Playing from wide positions ultimately led to Red Bulls winning corner kicks, which would be cleared out by Guadalajara. That’s usually not a problem, because the MLS side would win the ball back quickly and restart their attack, the main problem was not having enough creativity to break down Chivas. As a result, Michael Murillo who started in place of the suspended Aurelien Collin as a third center-back, ended up shooting balls into the crowd when things broke down.

See that was one of the many frustrations this game had, what was arguably more annoying was seeing Bradley Wright-Phillips play as a number 10 behind Etienne Jr. Why in the world was that happening? The greatest striker in club history and one of the greatest in MLS history was in the hole being a playmaker, that was astonishing to watch. That’s simply not his game, and as the game wore on he was more effective with his back to goal, spinning away from defenders and running into space to get a shot off. That’s also what makes Kaku’s benching even more stunning, because Kaku’s best position is behind the striker.

Also, Tyler Adams as a wing-back has to stop, that’s not his best position. His best is as a CDM in a two or three-man midfield. His supply of crosses into the box weren’t good enough, whereas if he were in the middle he’d be making runs through the center of the opposition’s defense or build up attacks with his passing.

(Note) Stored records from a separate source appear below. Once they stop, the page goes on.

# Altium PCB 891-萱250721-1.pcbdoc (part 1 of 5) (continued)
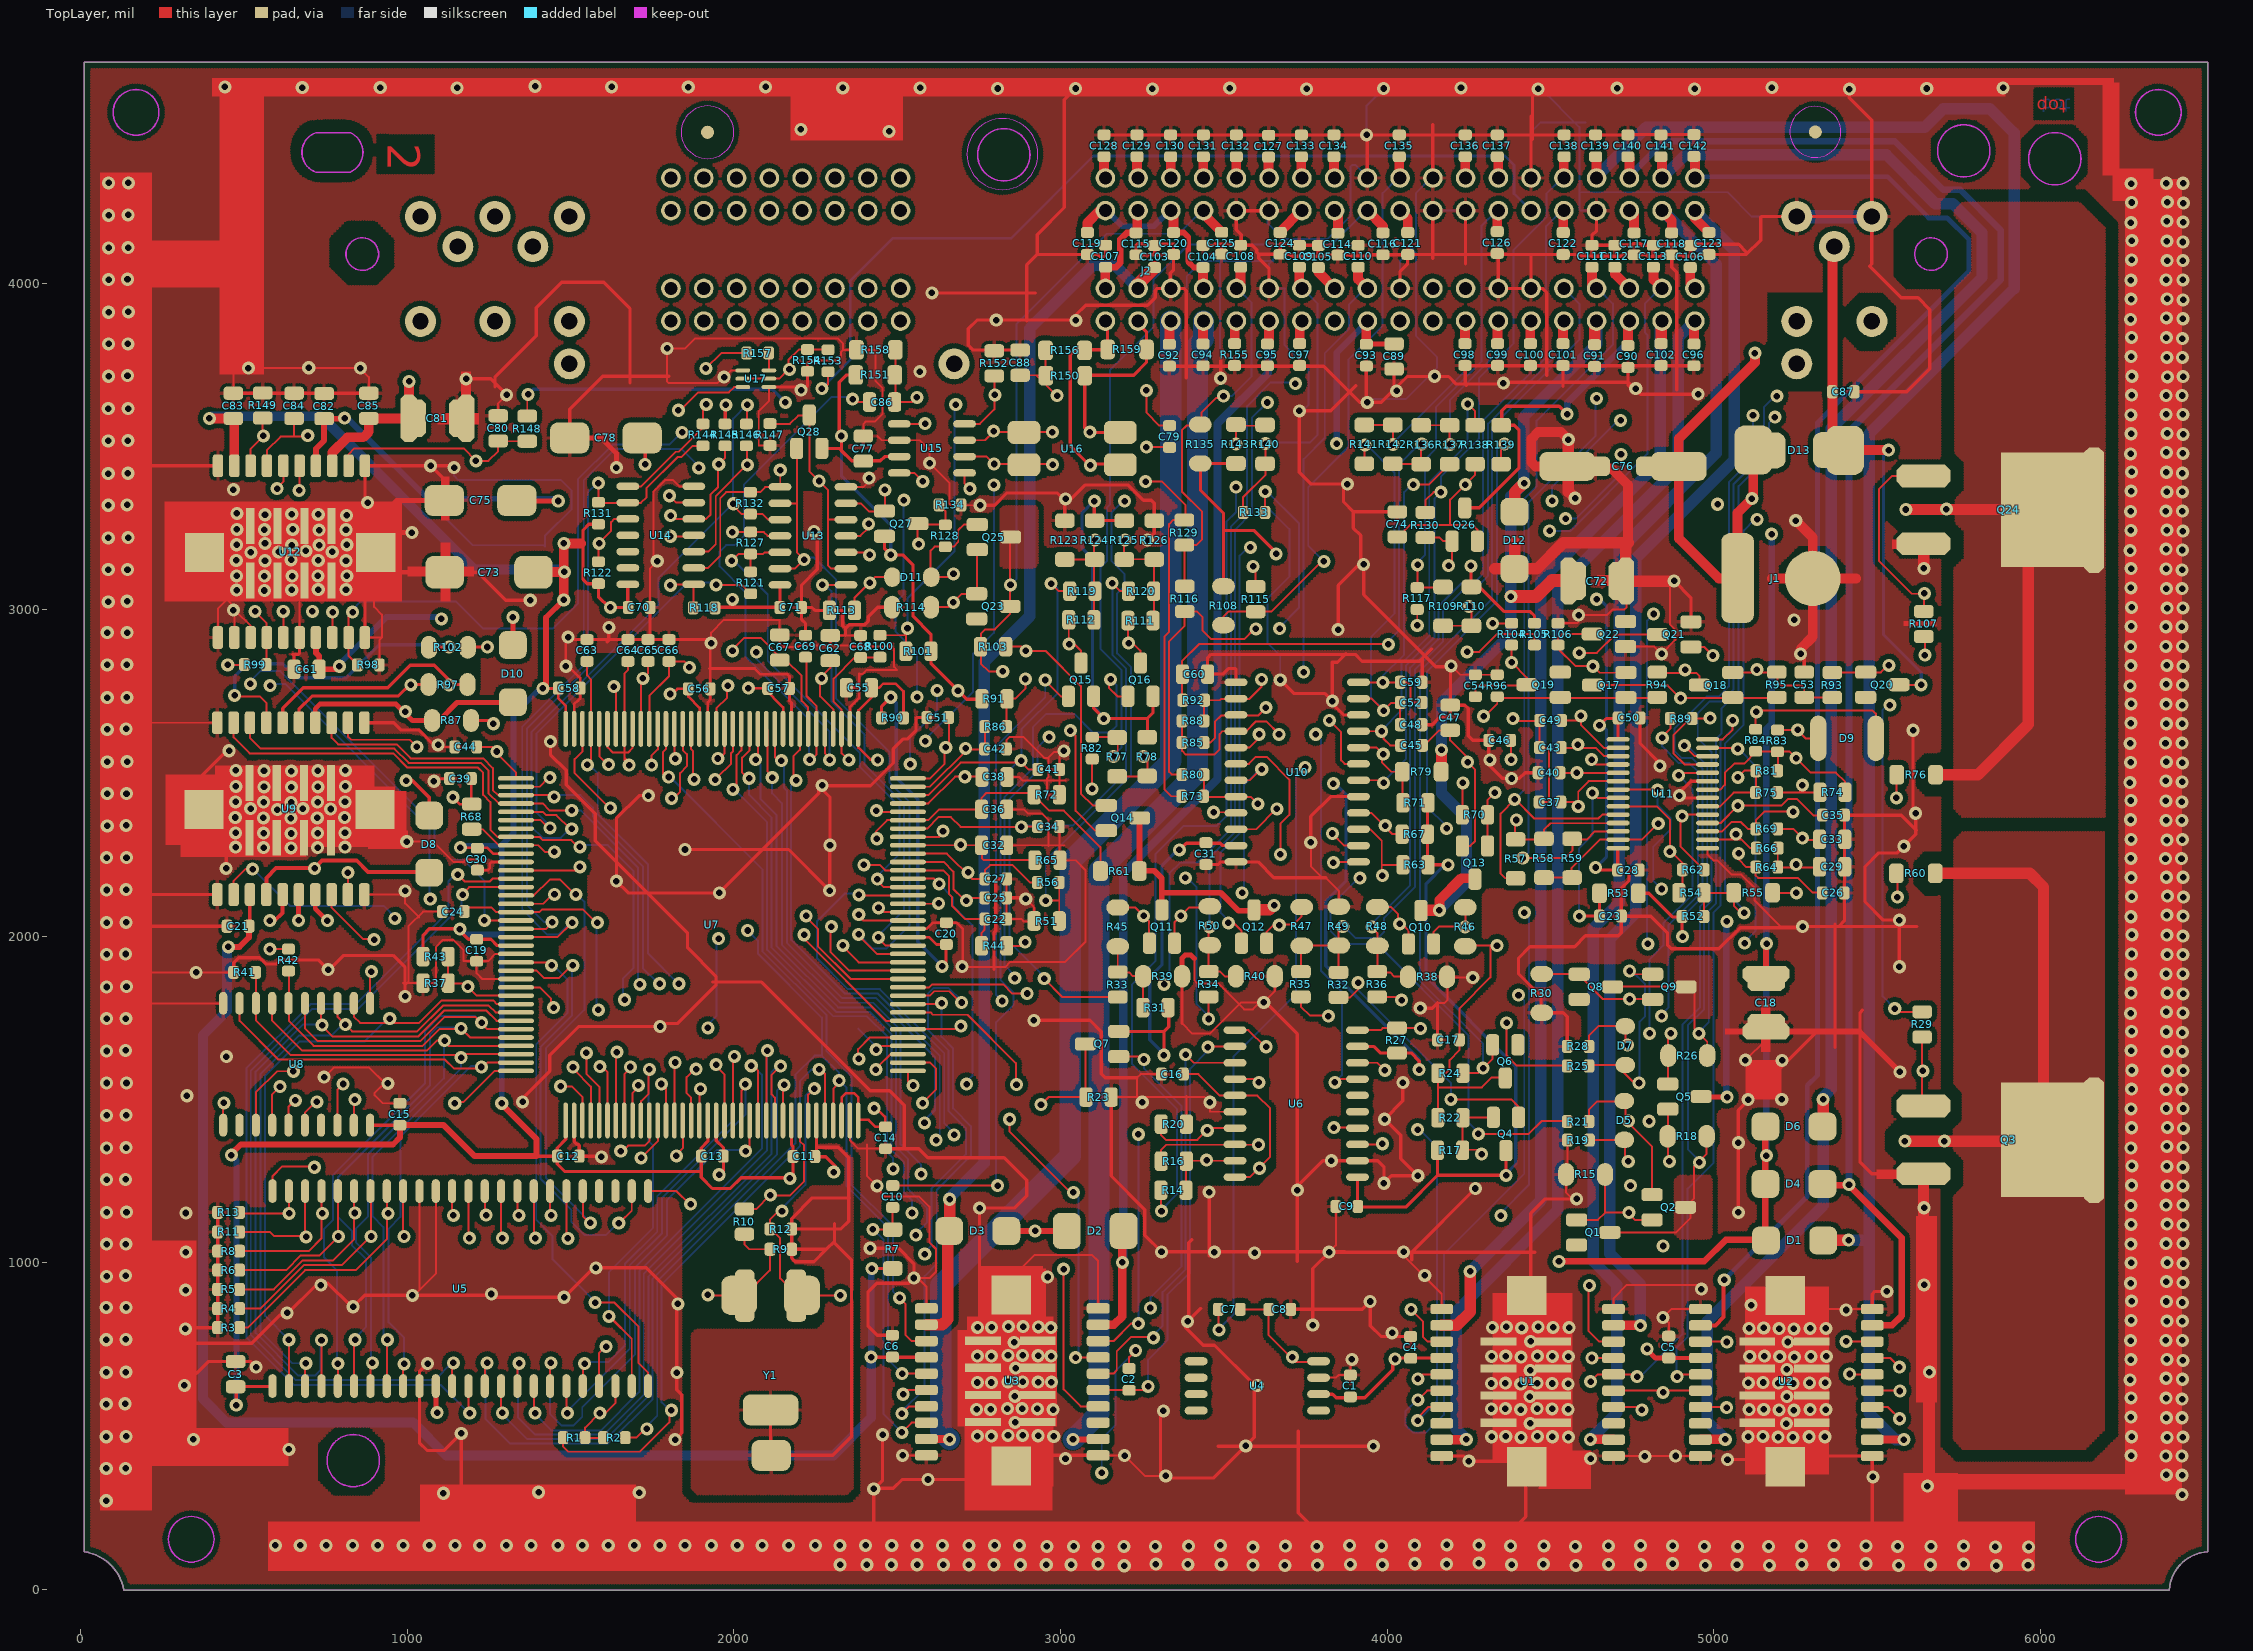
[diagram p0: TopLayer view]
## Design rules (kind name [scope] priority, off if disabled: settings)
AssemblyTestpoint [All] p1: testpointundercomponent=TRUE minsize=40 maxsize=200 preferedsize=60 minholesize=0 maxholesize=170 preferedholesize=32 testpointgrid=1 usegrid=TRUE gridtolerance=0.01 allowsidetop=TRUE allowsidebottom=TRUE
Clearance Clearance_7 [InNamedPolygon('6')] p1: gap=15
Clearance Clearance_6 [InNamedPolygon('5')] p2: gap=15
Clearance Clearance_3 [InNamedPolygon('4')] p3: gap=15
Clearance Clearance_2 [InNamedPolygon('3')] p4: gap=15
Clearance Clearance_5 [InNamedPolygon('5')] p5: gap=10
Clearance Clearance_4 [InNamedPolygon('4') vs OnLayer('KeepOutLayer')] p6: gap=7
Clearance Clearance_1 [All vs InPolygon] p7: gap=8
Clearance [All] p8: gap=6.5
ComponentClearance [All] p1 off: gap=10 collisioncheckmode=3 verticalgap=10 showdistances=FALSE
FabricationTestPointUsage TestPointUsage [All] p1: valid=0 allowmultiple=FALSE
FabricationTestpoint Testpoint [All] p1: side=3 testpointundercomponent=TRUE minsize=40 maxsize=100 preferedsize=60 minholesize=20 maxholesize=40 preferedholesize=32 testpointgrid=1 allowsidetop=TRUE allowsidebottom=TRUE usegrid=TRUE gridtolerance=0.01
Height [All] p1 off: minheight=0 maxheight=1000 prefheight=500
HoleSize [All] p1 off: absolutevalues=TRUE maxlimit=100 minlimit=1 maxpercent=80.000 minpercent=20.000
HoleToHoleClearance [All] p1 off: gap=10 allowstackedmicrovias=TRUE
LayerPairs [All] p1 off: enforce=TRUE
MinimumSolderMaskSliver [All] p1 off: minsoldermaskwidth=10
NetAntennae [All] p1 off: netantennaetolerance=0
PolygonConnect PolygonConnect_8 [(InPadClass('All Pads')) vs IsNamedPolygon('6')] p1: connectstyle=Relief reliefconductorwidth=10 reliefentries=4 polygonreliefangle="90 Angle" airgapwidth=10
PolygonConnect PolygonConnect_7 [(InPadClass('All Pads')) vs IsNamedPolygon('5')] p2: connectstyle=Relief reliefconductorwidth=10 reliefentries=4 polygonreliefangle="90 Angle" airgapwidth=10
PolygonConnect PolygonConnect_6 [(InPadClass('All Pads')) vs IsNamedPolygon('4')] p3: connectstyle=Relief reliefconductorwidth=10 reliefentries=4 polygonreliefangle="90 Angle" airgapwidth=10
PolygonConnect PolygonConnect_5 [(InPadClass('All Pads')) vs IsNamedPolygon('3')] p4: connectstyle=Relief reliefconductorwidth=10 reliefentries=4 polygonreliefangle="90 Angle" airgapwidth=10
PolygonConnect PolygonConnect_4 [All vs IsNamedPolygon('3')] p5: connectstyle=Direct reliefconductorwidth=10 reliefentries=4 polygonreliefangle="90 Angle" airgapwidth=10
PolygonConnect PolygonConnect_3 [All vs IsNamedPolygon('2')] p6: connectstyle=NoConnect reliefconductorwidth=10 reliefentries=4 polygonreliefangle="90 Angle" airgapwidth=10
PolygonConnect PolygonConnect_2 [OnLayer('BottomLayer')] p7: connectstyle=Direct reliefconductorwidth=10 reliefentries=4 polygonreliefangle="90 Angle" airgapwidth=10
PolygonConnect PolygonConnect_1 [All vs InPolygon] p8: connectstyle=Direct reliefconductorwidth=20 reliefentries=4 polygonreliefangle="45 Angle" airgapwidth=40
PolygonConnect [All] p9: connectstyle=Direct reliefconductorwidth=35 reliefentries=4 polygonreliefangle="45 Angle" airgapwidth=25
RoutingLayers [All] p1: top layer_v5=FALSE mid layer 1_v5=FALSE mid layer 2_v5=FALSE bottom layer_v5=FALSE
RoutingVias [All] p1: holewidth=15 width=30 viastyle="Through Hole" minholewidth=6 minwidth=10 maxholewidth=400 maxwidth=500
SilkToSilkClearance [All] p1 off: silktosilkclearance=10
SilkscreenOverComponentPads [IsPad] p1 off: minsilkscreentomaskgap=10
SolderMaskExpansion [All] p1: expansion=4
Width [All] p1: maxlimit=400 minlimit=4 preferedwidth=6
15 further rules are at their usual default settings.

## Classes and differential pairs
component class M2020-CKB-V1.0(2): u5

## Components (designator, comment, footprint, x,y, rotation, side; value= is the part's Value field where it differs from the comment)
C1 "NC" 29 3887,590 r180 top
C2 "NC" 29 3210,677 r0 top
C3 "NC" 28 474,621 r0 top
C4 "NC" 29 4072,708 r180 top
C5 "NC" 29 4862,776 r0 top
C6 "NC" 29 2485,779 r0 top
C7 "NC" 29 3550,858 r270 top
C8 "NC" 29 3705,858 r270 top
C9 "NC" 29 3910,1173 r270 top
C10 "NC" 29 2486,1170 r180 top
C11 "NC" 29 2181,1326 r90 top
C12 "NC" 29 1459,1327 r90 top
C13 "NC" 29 1900,1327 r90 top
C14 "NC" 29 2464,1350 r180 top
C15 "NC" 29 977,1489 r0 top
C16 "NC" 29 3376,1578 r270 top
C17 "NC" 29 4221,1683 r270 top
C18 "NC" 19 5160,1857 r0 top
C19 "NC" 29 1212,1991 r0 top
C20 "NC" 29 2650,1975 r180 top
C21 "NC" 29 515,2031 r270 top
C22 "NC" 29 2835,2053 r270 top
C23 "NC" 29 4717,2062 r270 top
C24 "NC" 29 1174,2076 r270 top
C25 "NC" 29 2835,2118 r270 top
C26 "NC" 29 5332,2133 r90 top
C27 "NC" 29 2835,2176 r270 top
C28 "NC" 29 4772,2203 r270 top
C29 "NC" 28 5401,2213 r90 top
C30 "NC" 29 1214,2203 r180 top
C31 "NC" 29 3445,2287 r0 top
C32 "NC" 28 2835,2279 r90 top
C33 "NC" 28 5401,2297 r90 top
C34 "NC" 29 2996,2336 r270 top
C35 "NC" 29 5333,2371 r90 top
C36 "NC" 28 2835,2389 r90 top
C37 "NC" 29 4532,2411 r270 top
C38 "NC" 28 2836,2488 r90 top
C39 "NC" 29 1129,2483 r90 top
C40 "NC" 29 4529,2501 r270 top
C41 "NC" 29 2997,2511 r270 top
C42 "NC" 29 2767,2574 r90 top
C43 "NC" 29 4533,2578 r270 top
C44 "NC" 29 1145,2580 r90 top
C45 "NC" 29 4108,2585 r270 top
C46 "NC" 29 4378,2600 r270 top
C47 "NC" 28 4193,2708 r180 top
C48 "NC" 29 4107,2648 r270 top
C49 "NC" 29 4534,2661 r270 top
C50 "NC" 29 4774,2669 r270 top
C51 "NC" 29 2590,2670 r90 top
C52 "NC" 29 4107,2716 r270 top
C53 "NC" 28 5277,2732 r0 top
C54 "NC" 29 4270,2734 r180 top
C55 "NC" 28 2421,2761 r90 top
C56 "NC" 29 1860,2758 r90 top
C57 "NC" 29 2103,2759 r90 top
C58 "NC" 29 1462,2760 r90 top
C59 "NC" 29 4107,2778 r270 top
C60 "NC" 28 3450,2803 r90 top
C61 "NC" 28 730,2818 r90 top
C62 "NC" 28 2295,2844 r0 top
C63 "NC" 29 1550,2842 r180 top
C64 "NC" 29 1675,2842 r180 top
C65 "NC" 29 1737,2842 r180 top
C66 "NC" 29 1801,2842 r180 top
C67 "NC" 28 2140,2846 r0 top
C68 "NC" 29 2388,2854 r180 top
C69 "NC" 29 2219,2855 r180 top
C70 "NC" 29 1676,3007 r90 top
C71 "NC" 29 2140,3007 r90 top
C72 "NC" 19 4583,3088 r90 top
C73 "NC" 26 1386,3115 r0 top
C74 "NC" 28 4031,3223 r0 top
C75 "NC" 25 1335,3335 r0 top
C76 "NC" 16 4807,3439 r0 top
C77 "NC" 28 2396,3455 r0 top
C78 "NC" 25 1719,3526 r0 top
C79 "NC" 29 3334,3497 r180 top
C80 "NC" 28 1278,3517 r0 top
C81 "NC" 19 1032,3586 r90 top
C82 "NC" 28 745,3585 r0 top
C83 "NC" 28 467,3586 r0 top
C84 "NC" 28 653,3586 r0 top
C85 "NC" 28 882,3586 r0 top
C86 "NC" 28 2492,3636 r90 top
C87 "NC" 29 5362.91,3667.55 r90 top
C88 "NC" 28 2876,3795 r180 top
C89 "NC" 28 4021,3814 r180 top
C90 "NC" 29 4737,3809 r0 top
C91 "NC" 29 4635,3812 r0 top
C92 "NC" 29 3333,3813 r0 top
C93 "NC" 29 3936,3813 r0 top
C94 "NC" 29 3436,3814 r0 top
C95 "NC" 29 3633,3814 r0 top
C96 "NC" 29 4939,3814 r0 top
C97 "NC" 29 3732,3815 r0 top
C98 "NC" 29 4238,3815 r0 top
C99 "NC" 29 4338.14,3815 r0 top
C100 "NC" 29 4438.29,3815 r0 top
C101 "NC" 29 4538.43,3815 r0 top
C102 "NC" 29 4838.86,3815 r0 top
C103 "NC" 29 3288,4048 r180 top
C104 "NC" 29 3436,4048 r180 top
C105 "NC" 29 3789,4048 r180 top
C106 "NC" 29 4928,4048 r180 top
C107 "NC" 29 3138,4049 r180 top
C108 "NC" 29 3551,4049 r180 top
C109 "NC" 29 3731,4049 r180 top
C110 "NC" 29 3911,4049 r180 top
C111 "NC" 29 4627,4049 r180 top
C112 "NC" 29 4697,4049 r180 top
C113 "NC" 29 4815,4049 r180 top
C114 "NC" 29 3849,4086 r180 top
C115 "NC" 29 3231,4087 r180 top
C116 "NC" 29 3987,4087 r180 top
C117 "NC" 29 4756,4087 r180 top
C118 "NC" 29 4871,4087 r180 top
C119 "NC" 29 3082,4088 r180 top
C120 "NC" 29 3346,4088 r180 top
C121 "NC" 29 4063,4088 r180 top
C122 "NC" 29 4539,4088 r180 top
C123 "NC" 29 4985,4088 r180 top
C124 "NC" 29 3672.49,4088.38 r180 top
C125 "NC" 29 3493,4089 r180 top
C126 "NC" 29 4337,4091 r180 top
C127 "NC" 29 3637,4386 r180 top
C128 "NC" 29 3133,4387 r180 top
C129 "NC" 29 3234,4387 r180 top
C130 "NC" 29 3337,4387 r180 top
C131 "NC" 29 3437,4387 r180 top
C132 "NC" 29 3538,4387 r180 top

“We tried everything but we just didn’t create enough in the final third.” Wright-Phillips said. “It was obviously tough because they were sitting back but I think we’ve got to do more, as attackers to create more.” It’s going to be interesting to see how Marsch figures out what his best lineup going forward, and whether to stick with five at the back or go with four.

5. The Red Bulls face a long season ahead

Quick question, how many teams as of right now are better than the Red Bulls in the East?

Toronto are the gold standard in MLS, and probably CONCACAF as they should be seen as favorites against Chivas. NYCFC have made the best start in club history, and were unbeaten against the Red Bulls in league play last season. Atlanta are rolling and their offense is downright scary. Even Orlando picked up a win over New York a few weeks ago, with questions surrounding the future of manager Jason Kreis.

Right there were four teams, and that’s without mentioning Columbus and New England who are currently ahead of New York in the standings. The Red Bulls have a lot of work to do, they’re not favorites for both the Supporters Shield or MLS Cup. Making the playoffs is imperative, but who expects the Red Bulls to make a deep run?

The high of last year’s deep incredible run to the U.S. Open Cup final ended in a loss. It’d take a lot just to get back there again, and it’d take a lot to reach the CONCACAF semifinals too. And while it’s admirable and fantastic that the club promotes it’s youth players from Red Bulls II, the club will have to eventually spend money on more than one player and not just trade draft picks and Targeted Allocation Money.

Eventually, losing at the final hurdle will stop and a trophy or two will come. But for now, it feels like a long time before better days are ahead.